Keywords: Connexin 43; IL-1β; TNFα; cartilage explants; chondrocytes; osteoarthritis; osteoblasts; synovial fluid.

Figure 1

(A,B). Expression of Cx43 in TNFα and/or IL-1β-stimulated human articular chondrocytes (CHs) (A) and human osteoblasts (OBs) (B) at day 3, analyzed using Western blot. Specific bands were quantified through Image Lab Software v 6.1 (Bio-Rad, Milan, Italy) and data (n = 5 independent experiments/donors, each indicated by distinct dots) were normalized on ACTB and expressed as relative values (CTR = 1). The panels below show representative immunoblots. Statistical analysis was performed via one-way analysis of variance (ANOVA) using Tukey’s post hoc test.
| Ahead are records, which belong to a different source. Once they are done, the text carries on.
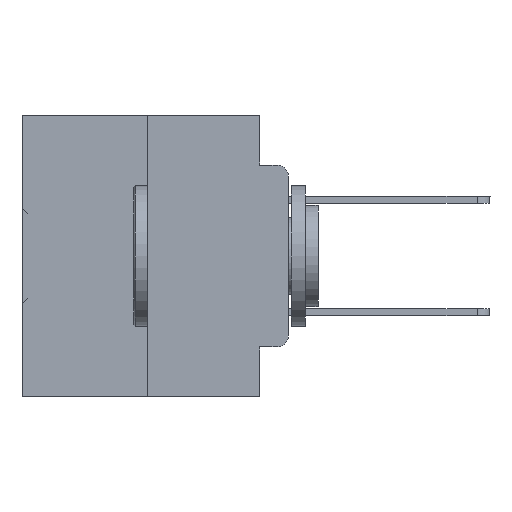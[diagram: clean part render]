
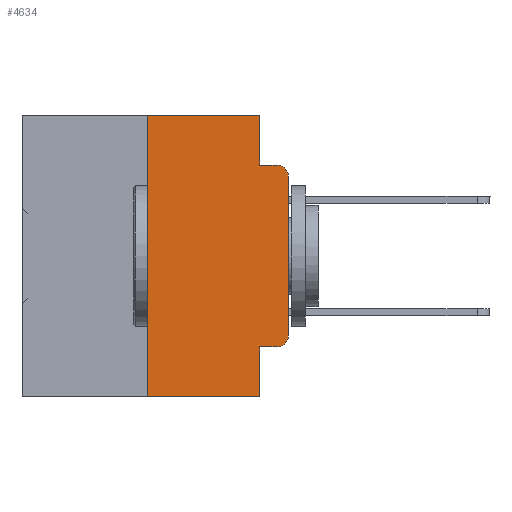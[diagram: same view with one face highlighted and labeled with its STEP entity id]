
A CAD part, left-side view. The second image highlights one B-rep face of the part: STEP entity #4634.
In plain terms, the highlighted planar face has unit normal (-1, 0, 0).
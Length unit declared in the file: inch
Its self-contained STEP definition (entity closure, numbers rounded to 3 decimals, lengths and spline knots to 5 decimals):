
#130 = CARTESIAN_POINT ( 'NONE',  ( 0., 0., -0.3915 ) ) ;
#566 = DIRECTION ( 'NONE',  ( 0., -1., 0. ) ) ;
#579 = EDGE_CURVE ( 'NONE', #6345, #5498, #37587, .T. ) ;
#702 = CARTESIAN_POINT ( 'NONE',  ( 0., 0.051, -0.0885 ) ) ;
#738 = LINE ( 'NONE', #12859, #11951 ) ;
#1114 = ORIENTED_EDGE ( 'NONE', *, *, #31714, .F. ) ;
#1196 = ORIENTED_EDGE ( 'NONE', *, *, #13419, .T. ) ;
#1198 = CARTESIAN_POINT ( 'NONE',  ( 0., 0.051, 0. ) ) ;
#1911 = VECTOR ( 'NONE', #10113, 39.37008 ) ;
#2441 = ORIENTED_EDGE ( 'NONE', *, *, #10100, .T. ) ;
#2491 = VERTEX_POINT ( 'NONE', #37145 ) ;
#3116 = ORIENTED_EDGE ( 'NONE', *, *, #14488, .T. ) ;
#3549 = LINE ( 'NONE', #30920, #1911 ) ;
#4634 = ADVANCED_FACE ( 'NONE', ( #12696 ), #27392, .F. ) ;
#5227 = DIRECTION ( 'NONE',  ( 0., -1., 0. ) ) ;
#5498 = VERTEX_POINT ( 'NONE', #24424 ) ;
#5679 = CIRCLE ( 'NONE', #13252, 0.02 ) ;
#6319 = DIRECTION ( 'NONE',  ( 0., 0., 1. ) ) ;
#6345 = VERTEX_POINT ( 'NONE', #39129 ) ;
#7642 = CARTESIAN_POINT ( 'NONE',  ( 0., 0.25, 0. ) ) ;
#7678 = EDGE_CURVE ( 'NONE', #8208, #11887, #11271, .T. ) ;
#7775 = DIRECTION ( 'NONE',  ( 0., 0., -1. ) ) ;
#8208 = VERTEX_POINT ( 'NONE', #1198 ) ;
#8448 = VERTEX_POINT ( 'NONE', #35316 ) ;
#8491 = CARTESIAN_POINT ( 'NONE',  ( 0., 0.051, 0. ) ) ;
#9160 = DIRECTION ( 'NONE',  ( 1., 0., 0. ) ) ;
#9535 = CIRCLE ( 'NONE', #24722, 0.02 ) ;
#10100 = EDGE_CURVE ( 'NONE', #14703, #32372, #738, .T. ) ;
#10113 = DIRECTION ( 'NONE',  ( 0., -1., 0. ) ) ;
#10849 = DIRECTION ( 'NONE',  ( 0., 0., -1. ) ) ;
#10906 = EDGE_LOOP ( 'NONE', ( #2441, #24147, #16299, #13607, #25155, #29030, #3116, #1114, #15086, #1196 ) ) ;
#11271 = LINE ( 'NONE', #8491, #23333 ) ;
#11887 = VERTEX_POINT ( 'NONE', #702 ) ;
#11951 = VECTOR ( 'NONE', #6319, 39.37008 ) ;
#12696 = FACE_OUTER_BOUND ( 'NONE', #10906, .T. ) ;
#12859 = CARTESIAN_POINT ( 'NONE',  ( 0., 0., 0. ) ) ;
#13252 = AXIS2_PLACEMENT_3D ( 'NONE', #21017, #30123, #29929 ) ;
#13419 = EDGE_CURVE ( 'NONE', #2491, #14703, #9535, .T. ) ;
#13607 = ORIENTED_EDGE ( 'NONE', *, *, #7678, .F. ) ;
#14488 = EDGE_CURVE ( 'NONE', #6345, #8448, #3549, .T. ) ;
#14511 = EDGE_CURVE ( 'NONE', #5498, #8208, #37655, .T. ) ;
#14703 = VERTEX_POINT ( 'NONE', #130 ) ;
#15086 = ORIENTED_EDGE ( 'NONE', *, *, #30685, .T. ) ;
#15430 = VECTOR ( 'NONE', #37778, 39.37008 ) ;
#16299 = ORIENTED_EDGE ( 'NONE', *, *, #34283, .F. ) ;
#16496 = VECTOR ( 'NONE', #566, 39.37008 ) ;
#17037 = VECTOR ( 'NONE', #17305, 39.37008 ) ;
#17305 = DIRECTION ( 'NONE',  ( 0., -1., 0. ) ) ;
#17409 = DIRECTION ( 'NONE',  ( 0., 0., -1. ) ) ;
#17519 = LINE ( 'NONE', #32392, #21953 ) ;
#18142 = VERTEX_POINT ( 'NONE', #26995 ) ;
#19567 = DIRECTION ( 'NONE',  ( -1., 0., 0. ) ) ;
#21017 = CARTESIAN_POINT ( 'NONE',  ( 0., 0.02, -0.1085 ) ) ;
#21953 = VECTOR ( 'NONE', #5227, 39.37008 ) ;
#23333 = VECTOR ( 'NONE', #17409, 39.37008 ) ;
#23472 = CARTESIAN_POINT ( 'NONE',  ( 0., 0.051, -0.0885 ) ) ;
#24147 = ORIENTED_EDGE ( 'NONE', *, *, #34847, .T. ) ;
#24424 = CARTESIAN_POINT ( 'NONE',  ( 0., 0.25, 0. ) ) ;
#24722 = AXIS2_PLACEMENT_3D ( 'NONE', #37197, #19567, #10849 ) ;
#24991 = DIRECTION ( 'NONE',  ( 0., 0., -1. ) ) ;
#25155 = ORIENTED_EDGE ( 'NONE', *, *, #14511, .F. ) ;
#26630 = LINE ( 'NONE', #23472, #17037 ) ;
#26995 = CARTESIAN_POINT ( 'NONE',  ( 0., 0.02, -0.0885 ) ) ;
#27392 = PLANE ( 'NONE',  #29283 ) ;
#27580 = CARTESIAN_POINT ( 'NONE',  ( 0., 0.473, 0. ) ) ;
#27756 = CARTESIAN_POINT ( 'NONE',  ( 0., 0.473, 0. ) ) ;
#28796 = CARTESIAN_POINT ( 'NONE',  ( 0., 0.051, 0. ) ) ;
#28992 = LINE ( 'NONE', #28796, #29626 ) ;
#29030 = ORIENTED_EDGE ( 'NONE', *, *, #579, .F. ) ;
#29283 = AXIS2_PLACEMENT_3D ( 'NONE', #27580, #9160, #24991 ) ;
#29626 = VECTOR ( 'NONE', #7775, 39.37008 ) ;
#29864 = CARTESIAN_POINT ( 'NONE',  ( 0., 0.051, -0.4115 ) ) ;
#29929 = DIRECTION ( 'NONE',  ( 0., 0., -1. ) ) ;
#30123 = DIRECTION ( 'NONE',  ( -1., 0., 0. ) ) ;
#30685 = EDGE_CURVE ( 'NONE', #31011, #2491, #17519, .T. ) ;
#30920 = CARTESIAN_POINT ( 'NONE',  ( 0., 0.473, -0.5 ) ) ;
#31011 = VERTEX_POINT ( 'NONE', #29864 ) ;
#31714 = EDGE_CURVE ( 'NONE', #31011, #8448, #28992, .T. ) ;
#32372 = VERTEX_POINT ( 'NONE', #37363 ) ;
#32392 = CARTESIAN_POINT ( 'NONE',  ( 0., 0.051, -0.4115 ) ) ;
#34283 = EDGE_CURVE ( 'NONE', #11887, #18142, #26630, .T. ) ;
#34847 = EDGE_CURVE ( 'NONE', #32372, #18142, #5679, .T. ) ;
#35316 = CARTESIAN_POINT ( 'NONE',  ( 0., 0.051, -0.5 ) ) ;
#37145 = CARTESIAN_POINT ( 'NONE',  ( 0., 0.02, -0.4115 ) ) ;
#37197 = CARTESIAN_POINT ( 'NONE',  ( 0., 0.02, -0.3915 ) ) ;
#37363 = CARTESIAN_POINT ( 'NONE',  ( 0., 0., -0.1085 ) ) ;
#37587 = LINE ( 'NONE', #7642, #15430 ) ;
#37655 = LINE ( 'NONE', #27756, #16496 ) ;
#37778 = DIRECTION ( 'NONE',  ( 0., 0., 1. ) ) ;
#39129 = CARTESIAN_POINT ( 'NONE',  ( 0., 0.25, -0.5 ) ) ;

Data are shown as mean ± SD. Significances vs. CTR are shown as * p ≤ 0.05, ** p < 0.01 and *** p < 0.001; vs. IL # p ≤ 0.05.

Figure 2

(A–C). Gene expression of GJA1 (A), MMP3 (B) and MMP13 (C) in TNFα-stimulated OB at day 1 analyzed using real-time PCR. Data (n = 6 independent experiments/donors, each indicated by distinct dots) are expressed as 2^−ΔΔCt (TBP was used as a housekeeping gene). (D). Expression of Cx43 in OB pre-treated for 1 h with MG-132 and then stimulated with TNFα for 3 days, analyzed using Western blot. Specific bands were quantified through Image Lab Software v 6.1 (Bio-Rad, Milan, Italy) and data (n = 4 independent experiments/donors) were normalized on ACTB and expressed as relative values (CTR = 1). Statistical analyses were performed using paired t-test (A–C) or one-way analysis of variance (ANOVA) using Tukey’s post hoc test (D). Data are shown as mean ± SD. Significance vs. CTR is shown as * p ≤ 0.05 and **** p < 0.0001.

Figure 3

Laser scanning confocal microscopy of OB; Cx43 and β-Tubulin were revealed with an Alexa Fluor^® 488 (Cx43) and 568 (β-tubulin) conjugated antibody (green and red respectively), while nuclei were stained with DAPI (blue) (magnification 63×). The scale bar indicates 10 µm and the orthogonal views (yellow dashed lines) were obtained using Fiji software (ImageJ 1.51).

Figure 4

(A). Gene expression of GJA1 in CH treated with synovial fluid (SF50%) for 1 day analyzed using real-time PCR. Data (n = 4 independent experiments/donors, each indicated by distinct dots) are expressed as 2^−ΔΔCt (TBP was used as a housekeeping gene). (B). Expression of Cx43 in CH treated with SF50% for 3 days analyzed using Western blot. A representative immunoblot is shown. Specific bands were quantified through Image Lab Software v 6.1 (Bio-Rad, Milan, Italy) and data (n = 4 independent experiments) were normalized on ACTB and expressed as relative values (CTR = 1). Data are shown as mean ± SD. Statistical analysis was performed using paired t-test. Significance vs. CTR is shown as * p ≤ 0.05 and *** p < 0.001.

Figure 5

(A,B). Expression of Cx43 in cartilage explants treated with TNFα (A) or SF50% (B) for 3 days analyzed using Western blot. Representative immunoblots are shown. Specific bands were quantified through Image Lab Software v 6.1 (Bio-Rad, Milan, Italy) and data (n = 8 and n = 5 independent experiments/donors, each indicated by distinct dots) were normalized on ACTB and expressed as relative values (CTR = 1). Data are shown as mean ± SD. Statistical analysis was performed using paired t-test. Significance vs. CTR is shown as * p ≤ 0.05.